**Exercise aim**
From the top of the entries, reproduce each line exactly, stopping after the line that contains "0.878679656), (80.841679065, 3))". Omit pictures.

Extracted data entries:
◇ ◇ ◇ ◇ ◇ ◇ ◇
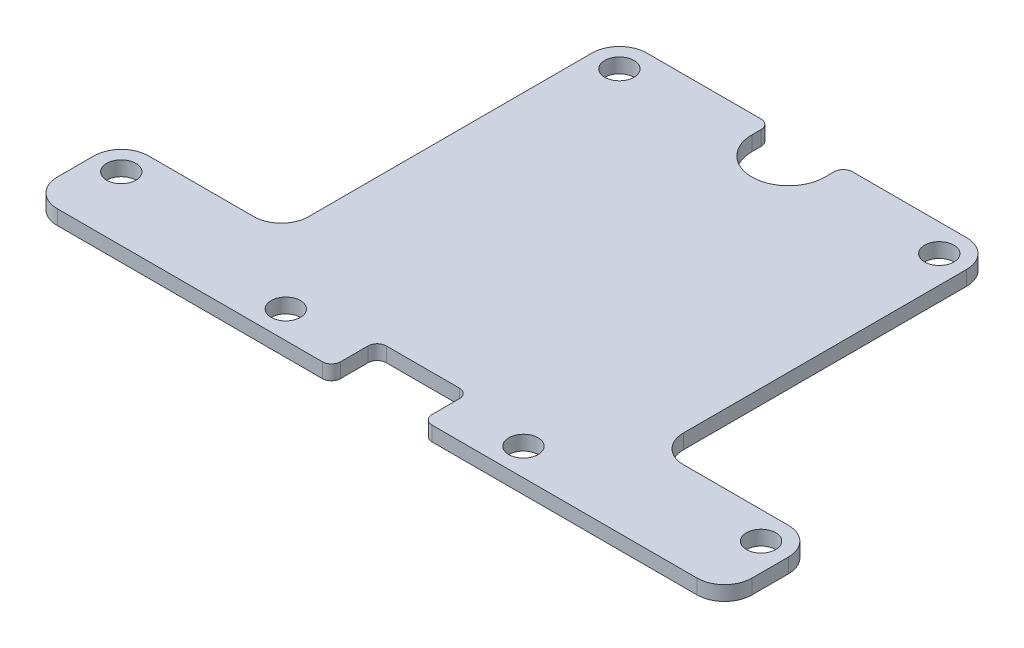
from build123d import *

# Parameters (mm, degrees)
EXTRUDE_1_DEPTH     = 1.6
CUT_EXTRUDE_1_DEPTH = 10
SKETCH_3_R          = 1.6
CUT_EXTRUDE_2_DEPTH = 94.525061209
CUT_EXTRUDE_3_DEPTH = 5


with BuildPart() as part:
    # 草图1 → 凸台-拉伸1 (new body)
    with BuildSketch(Plane(origin=(0, 0, 0), x_dir=(1, 0, 0), z_dir=(0, 1, 0))):
        with BuildLine():
            Line((7.841679065, 0), (77.841679065, 0))
            ThreePointArc((77.841679065, 0), (79.962999409, 0.878679656), (80.841679065, 3))
            Line((80.841679065, 3), (80.841679065, 7))
            ThreePointArc((80.841679065, 7), (79.962999409, 9.121320344), (77.841679065, 10))
            Line((77.841679065, 10), (66.341679065, 10))
            ThreePointArc((66.341679065, 10), (64.220358721, 10.878679656), (63.341679065, 13))
            Line((63.341679065, 13), (63.341679065, 44))
            ThreePointArc((63.341679065, 44), (62.462999409, 46.121320344), (60.341679065, 47))
            Line((60.341679065, 47), (25.341679065, 47))
            ThreePointArc((25.341679065, 47), (23.220358721, 46.121320344), (22.341679065, 44))
            Line((22.341679065, 44), (22.341679065, 13))
            ThreePointArc((22.341679065, 13), (21.462999409, 10.878679656), (19.341679065, 10))
            Line((19.341679065, 10), (7.841679065, 10))
            ThreePointArc((7.841679065, 10), (5.720358721, 9.121320344), (4.841679065, 7))
            Line((4.841679065, 7), (4.841679065, 3))
            ThreePointArc((4.841679065, 3), (5.720358721, 0.878679656), (7.841679065, 0))
        make_face()
    extrude(amount=EXTRUDE_1_DEPTH)

    # 草图2 → 切除-拉伸1 (cut)
    with BuildSketch(Plane(origin=(0, 1.6, 0), x_dir=(1, 0, 0), z_dir=(0, 1, 0))):
        with BuildLine():
            Line((37.841679065, 1), (37.841679065, 4))
            ThreePointArc((37.841679065, 4), (38.134572284, 4.707106781), (38.841679065, 5))
            Line((38.841679065, 5), (46.841679065, 5))
            ThreePointArc((46.841679065, 5), (47.548785846, 4.707106781), (47.841679065, 4))
            Line((47.841679065, 4), (47.841679065, 1))
            ThreePointArc((47.841679065, 1), (48.134572284, 0.292893219), (48.841679065, 0))
            Line((48.841679065, 0), (36.841679065, 0))
            ThreePointArc((36.841679065, 0), (37.548785846, 0.292893219), (37.841679065, 1))
        make_face()
    extrude(amount=-CUT_EXTRUDE_1_DEPTH, mode=Mode.SUBTRACT)

    # 草图3 → 切除-拉伸2 (cut, through all)
    with BuildSketch(Plane(origin=(0, 1.6, 0), x_dir=(1, 0, 0), z_dir=(0, 1, 0))):
        with Locations(Location((7.841679065, 7, 0), (0, 0, 270))):
            Circle(SKETCH_3_R)
        with Locations(Location((29.841679065, 3, 0), (0, 0, 270))):
            Circle(SKETCH_3_R)
        with Locations(Location((25.341679065, 44, 0), (0, 0, 270))):
            Circle(SKETCH_3_R)
        with Locations(Location((60.341679065, 44, 0), (0, 0, 90))):
            Circle(SKETCH_3_R)
        with Locations(Location((55.841679065, 3, 0), (0, 0, 90))):
            Circle(SKETCH_3_R)
        with Locations(Location((77.841679065, 7, 0), (0, 0, 90))):
            Circle(SKETCH_3_R)
    extrude(amount=-CUT_EXTRUDE_2_DEPTH, mode=Mode.SUBTRACT)

    # 草图4 → 切除-拉伸3 (cut)
    with BuildSketch(Plane(origin=(0, 1.6, 0), x_dir=(1, 0, 0), z_dir=(0, 1, 0))):
        with BuildLine():
            Line((46.841679065, 45), (46.841679065, 46))
            ThreePointArc((46.841679065, 46), (47.134572284, 46.707106781), (47.841679065, 47))
            Line((47.841679065, 47), (37.841679065, 47))
            ThreePointArc((37.841679065, 47), (38.548785846, 46.707106781), (38.841679065, 46))
            Line((38.841679065, 46), (38.841679065, 45))
            ThreePointArc((38.841679065, 45), (42.841679065, 41), (46.841679065, 45))
        make_face()
    extrude(amount=-CUT_EXTRUDE_3_DEPTH, mode=Mode.SUBTRACT)


solid = part.part
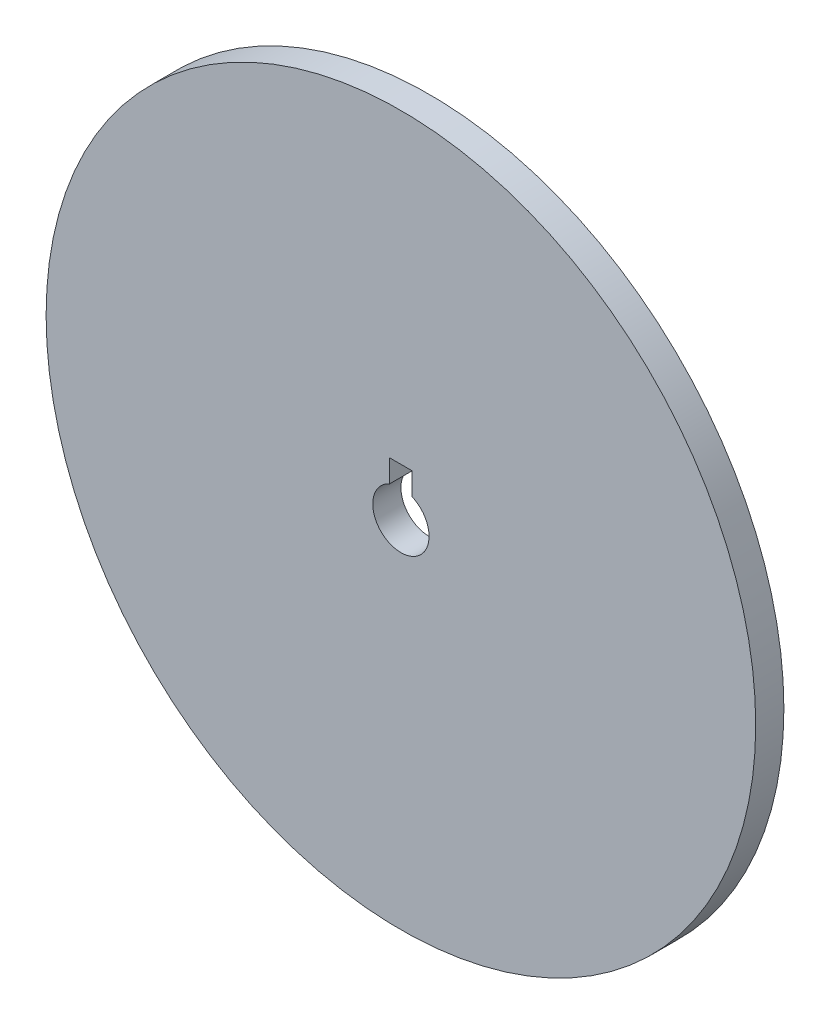
from build123d import *

# Parameters (mm, degrees)
IZIM1_R                     = 63
Y_KSEKLIK_EKSTR_ZYON1_DEPTH = 5
IZIM2_R                     = 5
KES_EKSTR_ZYON1_DEPTH       = 10
IZIM3_W                     = 4
IZIM3_H                     = 4
KES_EKSTR_ZYON2_DEPTH       = 8


with BuildPart() as part:
    # Çizim1 → Yükseklik-Ekstrüzyon1 (new body)
    with BuildSketch(Plane.XY):
        Circle(IZIM1_R)
    extrude(amount=Y_KSEKLIK_EKSTR_ZYON1_DEPTH)

    # Çizim2 → Kes-Ekstrüzyon1 (cut)
    with BuildSketch(Plane.XY.offset(5)):
        Circle(IZIM2_R)
    extrude(amount=-KES_EKSTR_ZYON1_DEPTH, mode=Mode.SUBTRACT)

    # Çizim3 → Kes-Ekstrüzyon2 (cut)
    with BuildSketch(Plane(origin=(0, 0, 0), x_dir=(-1, 0, 0), z_dir=(0, 0, -1))):
        with Locations((0, 6.582575695)):
            Rectangle(IZIM3_W, IZIM3_H)
    extrude(amount=-KES_EKSTR_ZYON2_DEPTH, mode=Mode.SUBTRACT)


solid = part.part
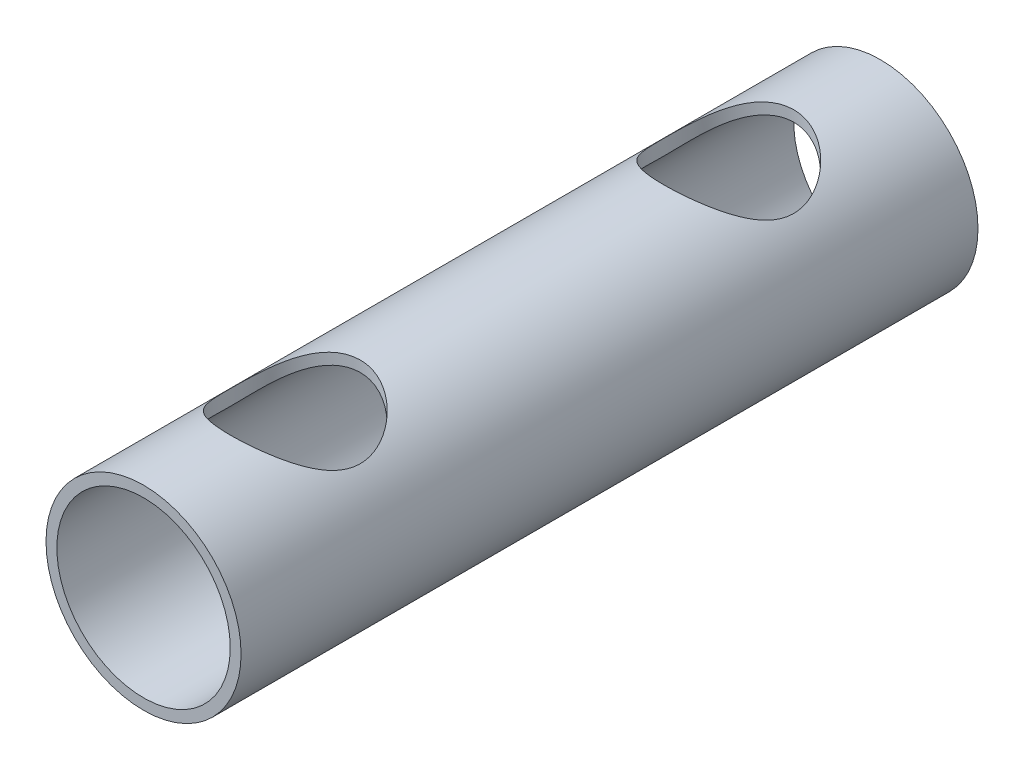
from build123d import *

# Parameters (mm, degrees)
SKETCH1_R           = 57.15
SKETCH1_R_2         = 50.8
BOSS_EXTRUDE1_DEPTH = 431.8
SKETCH2_R           = 38.1
CUT_EXTRUDE4_DEPTH  = 914.4


with BuildPart() as part:
    # Sketch1 → Boss-Extrude1 (new body)
    with BuildSketch(Plane.XY):
        Circle(SKETCH1_R)
        Circle(SKETCH1_R_2, mode=Mode.SUBTRACT)
    extrude(amount=BOSS_EXTRUDE1_DEPTH)

    # Sketch2 → Cut-Extrude4 (cut)
    with BuildSketch(Plane(origin=(0, 0, 0), x_dir=(1, 0, 0), z_dir=(0, 1, 0))):
        with Locations(Location((0, -88.9, 0), (0, 0, 90))):
            Circle(SKETCH2_R)
        with Locations(Location((0, -342.9, 0), (0, 0, 90))):
            Circle(SKETCH2_R)
        with Locations((0, -596.9)):
            Circle(SKETCH2_R)
    extrude(amount=CUT_EXTRUDE4_DEPTH, mode=Mode.SUBTRACT)


solid = part.part
◇ ◇ ◇ ◇ ◇ ◇ ◇
**Written solution**
from build123d import *

# Parameters (mm, degrees)
EXTRUDE_1_DEPTH     = 1.6
CUT_EXTRUDE_1_DEPTH = 10
SKETCH_3_R          = 1.6
CUT_EXTRUDE_2_DEPTH = 94.525061209
CUT_EXTRUDE_3_DEPTH = 5


with BuildPart() as part:
    # 草图1 → 凸台-拉伸1 (new body)
    with BuildSketch(Plane(origin=(0, 0, 0), x_dir=(1, 0, 0), z_dir=(0, 1, 0))):
        with BuildLine():
            Line((7.841679065, 0), (77.841679065, 0))
            ThreePointArc((77.841679065, 0), (79.962999409, 0.878679656), (80.841679065, 3))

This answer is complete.